Pisz: „Tata bije mamę” - zgłosił policjantom przestraszony 11-latek
11-letni chłopiec zadzwonił do oficera dyżurnego policji w Piszu, mówiąc, że „tata bije mamę”. Policjanci, którzy natychmiast pojechali na miejsce, zastali tam nietrzeźwego 49-latka, jego partnerkę i czworo dzieci. Jak ustalili policjanci mężczyzna wszczął awanturę ze swoją konkubiną i był wobec niej bardzo agresywny.
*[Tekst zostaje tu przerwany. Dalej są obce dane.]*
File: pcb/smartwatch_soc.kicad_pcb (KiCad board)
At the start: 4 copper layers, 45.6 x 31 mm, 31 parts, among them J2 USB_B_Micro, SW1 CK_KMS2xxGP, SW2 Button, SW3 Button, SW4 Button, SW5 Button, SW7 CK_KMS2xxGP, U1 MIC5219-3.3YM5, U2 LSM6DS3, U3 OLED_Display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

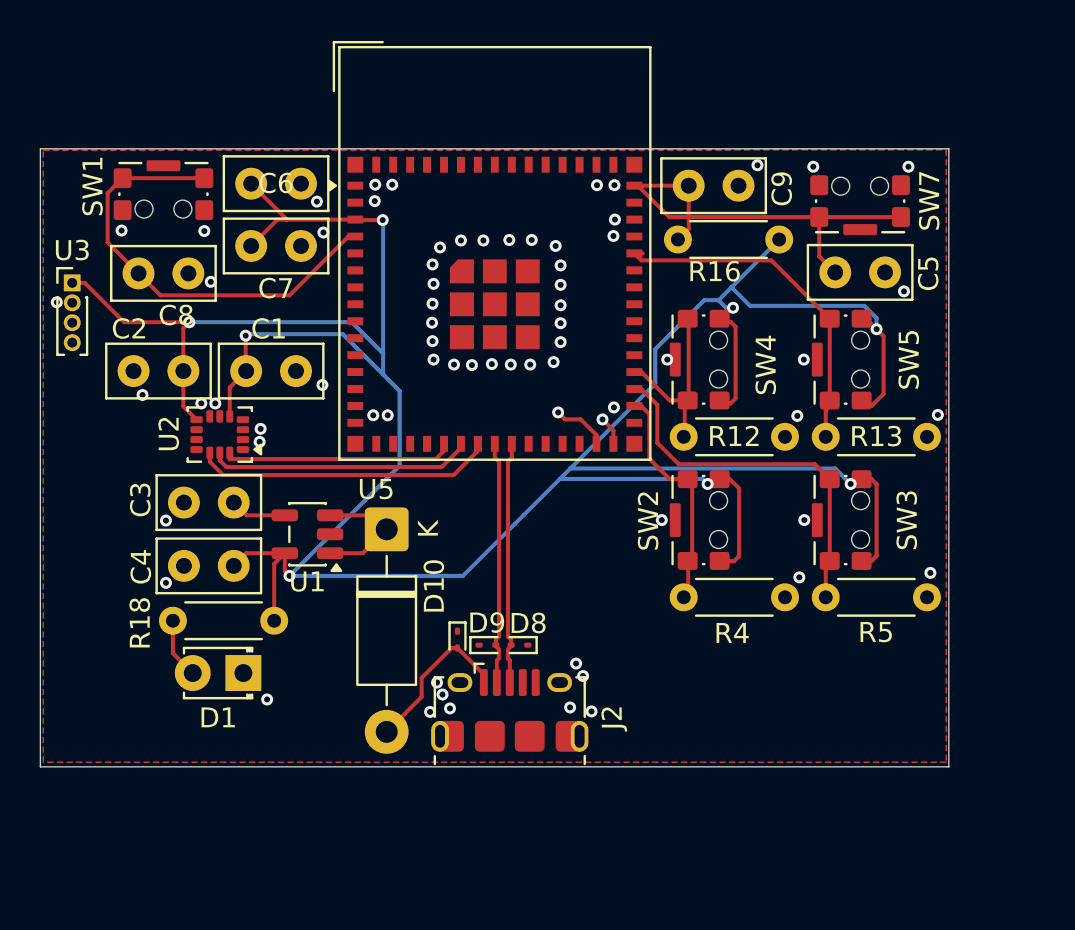
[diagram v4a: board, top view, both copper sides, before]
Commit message: added labels
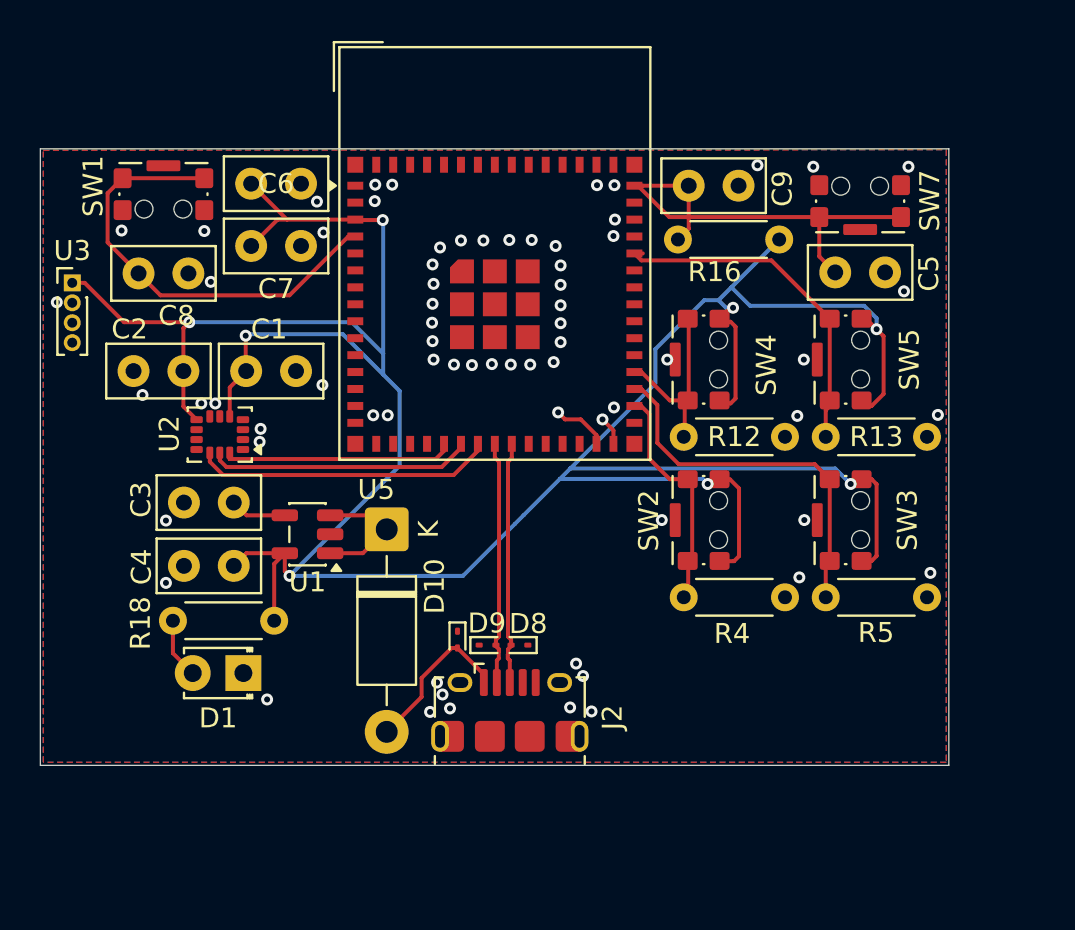
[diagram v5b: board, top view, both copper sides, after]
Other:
- board size 45.6 x 31 mm -> 45.6 x 30.9 mm
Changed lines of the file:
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@@
 	(gr_rect
 		(start 138.5 60.925)
-		(end 184.075 91.93)
+		(end 184.075 91.855)
 		(stroke
 			(width 0.05)
@@
 		(min_thickness 0.1524)
 		(filled_areas_thickness no)
-		(fill yes
+		(fill
 			(thermal_gap 0.5)
 			(thermal_bridge_width 0.5)

Sprawca przemocy domowej zatrzymany został w policyjnym areszcie do wytrzeźwienia. Rodzina objęta została procedurą „Niebieskiej karty”.
W sobotę (05.03.2016) przed godz. 23:00 oficer dyżurny piskiej komendy otrzymał zgłoszenie od chłopca. Przestraszony i zapłakany 11-latek powiedział: „tata bije mamę, proszę szybko” i podał adres. Interwencja miała miejsce na terenie piskiej gminy.
Policjanci niezwłocznie pojechali pod wskazany adres. Na miejscu zastali właściciela domu, jego konkubinę i czworo małoletnich dzieci w wieku od 8 do 16 lat. Funkcjonariusze ustalili, że w mieszkaniu tym odbywało się przyjęcie urodzinowe z okazji 49-urodzin mężczyzny.
W trakcie imprezy solenizant pokłócił się ze swoją konkubiną. Zaczął się awanturować, wyzywał kobietę słowami wulgarnymi, uderzył ją w twarz oraz szarpał ją za ręce i ubranie. Do zdarzenia doszło w obecności dzieci.
Sprawca przemocy domowej był pijany. Policjanci zatrzymali mężczyznę i przewieźli do komendy, gdzie sprawdzili stan trzeźwości. Badanie wykazało ponad 2 promile alkoholu w organizmie. Mężczyzna został zatrzymany w policyjnym areszcie. Dziećmi zaopiekowała się konkubina.
Rodzina objęta została procedurą „Niebieskiej Karty”.